In the previous article , I showed you how to setup the basic ROS in Armbian Orange Pi combination. This time we will get a bit further in getting to understand some basic concepts and run a “hello world” code as well.
Orange Pi Zero
Orange Pi Zero Interfaceboard
For getting start you need to know the basics of python.
The core ROS concept is based loosely on Data Distribution Service. It consist of a Data distribution server or DDS which act as a middleman for passing information between clients. The DDS in ROS is called ROS Master or otherwise called roscore and the clients are called nodes. The roscore offers facility to publish/subscribe information to a topic. It also provides an XMLRPC-based API for Remote procedure call.
Apart from the mentioned core services it also provides parameter server and logging server. When developing a robot all you need to do is design how to different nodes should communicate and which node does what operation and etc. Each node can be writting in any language and there is already a list of languages ros clients are developed in languages such as c++, Python, Lisp, Ruby, Go, Nodejs, R etc.
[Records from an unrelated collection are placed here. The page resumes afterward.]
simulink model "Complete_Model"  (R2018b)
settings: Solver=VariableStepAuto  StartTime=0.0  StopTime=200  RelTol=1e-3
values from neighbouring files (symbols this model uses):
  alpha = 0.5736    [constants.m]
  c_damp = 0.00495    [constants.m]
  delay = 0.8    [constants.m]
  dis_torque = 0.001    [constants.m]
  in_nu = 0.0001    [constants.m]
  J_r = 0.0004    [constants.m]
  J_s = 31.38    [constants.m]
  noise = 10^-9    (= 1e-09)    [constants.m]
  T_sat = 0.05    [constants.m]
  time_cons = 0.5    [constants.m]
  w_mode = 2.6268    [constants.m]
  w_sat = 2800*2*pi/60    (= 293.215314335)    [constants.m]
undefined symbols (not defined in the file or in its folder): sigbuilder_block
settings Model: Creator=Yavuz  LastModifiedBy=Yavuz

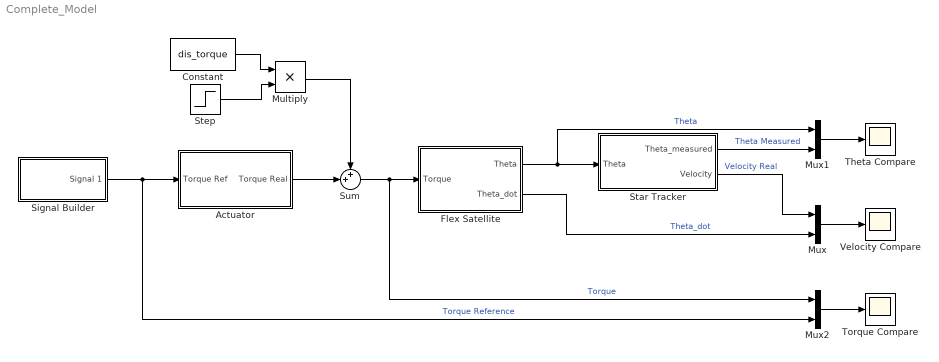
== system Complete_Model ==
  Actuator : Subsystem
  Constant : Constant  Value=dis_torque
  Flex Satellite : Subsystem
  Multiply : Product
  Mux : Mux  Inputs=2
  Mux1 : Mux  Inputs=2
  Mux2 : Mux  Inputs=2
  Signal Builder : Subsystem  Tag=STV Subsys  LoadFcn=sigbuilder_block('load');  StartFcn=sigbuilder_block('start');  StopFcn=sigbuilder_block('stop');  ClipboardFcn=sigbuilder_block('clipboard');  mask(Sigbuilder block){tuvar=[0:10]}
      mask help: Simulink:masks:SigbuilderBlock_MD
      mask init:
      | if ~strcmp(get_param(bdroot(gcbh),'SimulationStatus'),'stopped') tuvar = sigbuilder_block('maskInit'); end
      settings: CopyFcn=sigbuilder_block('copy');  DeleteFcn=sigbuilder_block('delete');  ModelCloseFcn=sigbuilder_block('modelClose');  PreSaveFcn=sigbuilder_block('preSave');  PauseFcn=sigbuilder_block('pause');  ContinueFcn=sigbuilder_block('continue');  NameChangeFcn=sigbuilder_block('namechange');  OpenFcn=sigbuilder_block('open',[6 30 1428 681.75 ]);  CloseFcn=sigbuilder_block('close');
      mask Display: plot(0, 0, 100, 100,[2, 2, 32, 32, 2], [68, 8, 8, 68, 68],[32, 2], [38, 38], [32, 19, 2],[53, 60, 44], [32, 17, 17, 2],[16, 16, 31, 31]);txt = getActiveGroup(gcbh);text(2, 100, txt,'verticalAlignment', 'top');
  Star Tracker : Subsystem
  Step : Step  Time=100  SampleTime=0
  Sum : Sum  Inputs=++|
  Theta Compare : Scope
  Torque Compare : Scope
  Velocity Compare : Scope
  wires:
  Flex Satellite/1(Theta) -> Mux1/1, Star Tracker/1(Theta)  "Theta"
  Sum/1 -> Mux2/1, Flex Satellite/1(Torque)  "Torque"
  Actuator/1(Torque Real) -> Sum/2
  Constant/1 -> Multiply/1
  Step/1 -> Multiply/2
  Multiply/1 -> Sum/1
  Star Tracker/2(Velocity) -> Mux/1  "Velocity Real"
  Flex Satellite/2(Theta_dot) -> Mux/2  "Theta_dot"
  Mux/1 -> Velocity Compare/1
  Mux1/1 -> Theta Compare/1
  Star Tracker/1(Theta_measured) -> Mux1/2  "Theta Measured"
  Mux2/1 -> Torque Compare/1
  Signal Builder/1(Signal 1) -> Mux2/2, Actuator/1(Torque Ref)  "Torque Reference"

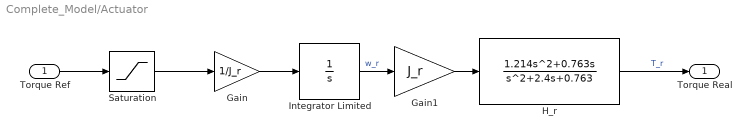
== system Complete_Model/Actuator ==
  Torque Ref : Inport
  Gain : Gain  Gain=1/J_r
  Gain1 : Gain  Gain=J_r
  H_r : TransferFcn  Numerator=[1.214 0.763 0]  Denominator=[1 2.4 0.763]
  Integrator Limited : Integrator  LimitOutput=on  UpperSaturationLimit=w_sat  LowerSaturationLimit=0
  Saturation : Saturate  UpperLimit=T_sat  LowerLimit=-T_sat
  Torque Real : Outport
  wires:
  Saturation/1 -> Gain/1
  Torque Ref/1 -> Saturation/1
  Gain1/1 -> H_r/1
  Gain/1 -> Integrator Limited/1
  H_r/1 -> Torque Real/1  "T_r"
  Integrator Limited/1 -> Gain1/1  "w_r"

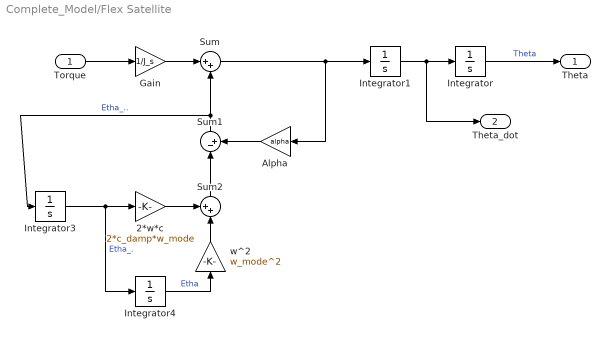
== system Complete_Model/Flex Satellite ==
  Torque : Inport
  2*w*c : Gain  Gain=2*c_damp*w_mode
  Alpha : Gain  Gain=alpha
  Gain : Gain  Gain=1/J_s
  Integrator : Integrator
  Integrator1 : Integrator
  Integrator3 : Integrator
  Integrator4 : Integrator  InitialCondition=in_nu
  Sum : Sum  Inputs=|++
  Sum1 : Sum  Inputs=|-+
  Sum2 : Sum  Inputs=++|
  w^2 : Gain  Gain=w_mode^2
  Theta : Outport
  Theta_dot : Outport  Port=2
  wires:
  Sum/1 -> Integrator1/1, Alpha/1
  Sum1/1 -> Integrator3/1, Sum/2  "Etha_.."
  Gain/1 -> Sum/1
  Integrator1/1 -> Theta_dot/1, Integrator/1
  Integrator3/1 -> Integrator4/1, 2*w*c/1  "Etha_."
  Sum2/1 -> Sum1/1
  Torque/1 -> Gain/1
  2*w*c/1 -> Sum2/1
  Integrator/1 -> Theta/1  "Theta"
  w^2/1 -> Sum2/2
  Integrator4/1 -> w^2/1  "Etha"
  Alpha/1 -> Sum1/2

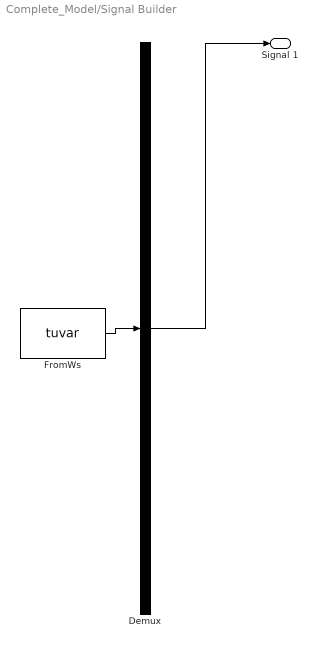
== system Complete_Model/Signal Builder ==
  Demux : Demux  Tag=STV Demux  Outputs=1
  FromWs : FromWorkspace  Tag=STV FromWs  VariableName=tuvar  SampleTime=0
      SigBuilderData=|
      | common.afterFinalStr = 'Extrapolate'
      | common.sampleTime = 0
      | dataSet.timeRange = [0 200]
      | dataSet.name = 'Group 1'
      | sbobj.Groups.Name = 'Group 1'
      | sbobj.Groups.Signals.Name = 'Signal 1'
      | sbobj.Groups.Signals.XData = [0 20 20 80 80 140 140 200]
      | sbobj.Groups.Signals.YData = [0 0 0.003 0.003 -0.003 -0.003 0 0]
      | sbobj.Groups.TimeRange = [0 200]
  Signal 1 : Outport  Tag=STV Outport
  wires:
  Demux/1 -> Signal 1/1
  FromWs/1 -> Demux/1

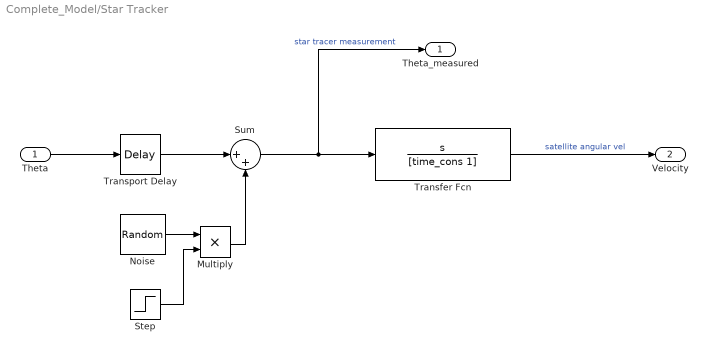
== system Complete_Model/Star Tracker ==
  Theta : Inport
  Multiply : Product
  Noise : RandomNumber  Variance=noise  SampleTime=0.1
  Step : Step  Time=160  SampleTime=0
  Sum : Sum  Inputs=|++
  Transfer Fcn : TransferFcn  Numerator=[1 0]  Denominator=[time_cons 1]
  Transport Delay : TransportDelay  DelayTime=delay
  Theta_measured : Outport
  Velocity : Outport  Port=2
  wires:
  Theta/1 -> Transport Delay/1
  Sum/1 -> Theta_measured/1, Transfer Fcn/1  "star tracer measurement"
  Transport Delay/1 -> Sum/1
  Transfer Fcn/1 -> Velocity/1  "satellite angular vel"
  Noise/1 -> Multiply/1
  Step/1 -> Multiply/2
  Multiply/1 -> Sum/2

The roscore needs to be run before you run your client and if you have already configured your bash as shown in the first tutorial, then roscore command will be available to you.
code@orangepizero:~$ roscore ... logging to /home/code/.ros/log/3f3ad618-a2f2-11e7-90c4-dc446db60d69/roslaunch-orangepizero-6575.log Checking log directory for disk usage. This may take awhile. Press Ctrl-C to interrupt Done checking log file disk usage. Usage is &lt;1GB. started roslaunch server http://orangepizero:35649/ ros_comm version 1.12.7 SUMMARY ======== PARAMETERS * /rosdistro: kinetic * /rosversion: 1.12.7 NODES auto-starting new master process[master]: started with pid  ROS_MASTER_URI=http://orangepizero:11311/ setting /run_id to 3f3ad618-a2f2-11e7-90c4-dc446db60d69 process[rosout-1]: started with pid  started core service [/rosout]
Now the ROS Master that is the roscore is running successfully, lets try to test the server.
For this purpose we have a tool called rostopic. It is a command line tool for displaying debug information about ROS Topics, including publishers, subscribers, publishing rate, and ROS Messages. It also contains an experimental Python library for getting information about and interacting with topics dynamically.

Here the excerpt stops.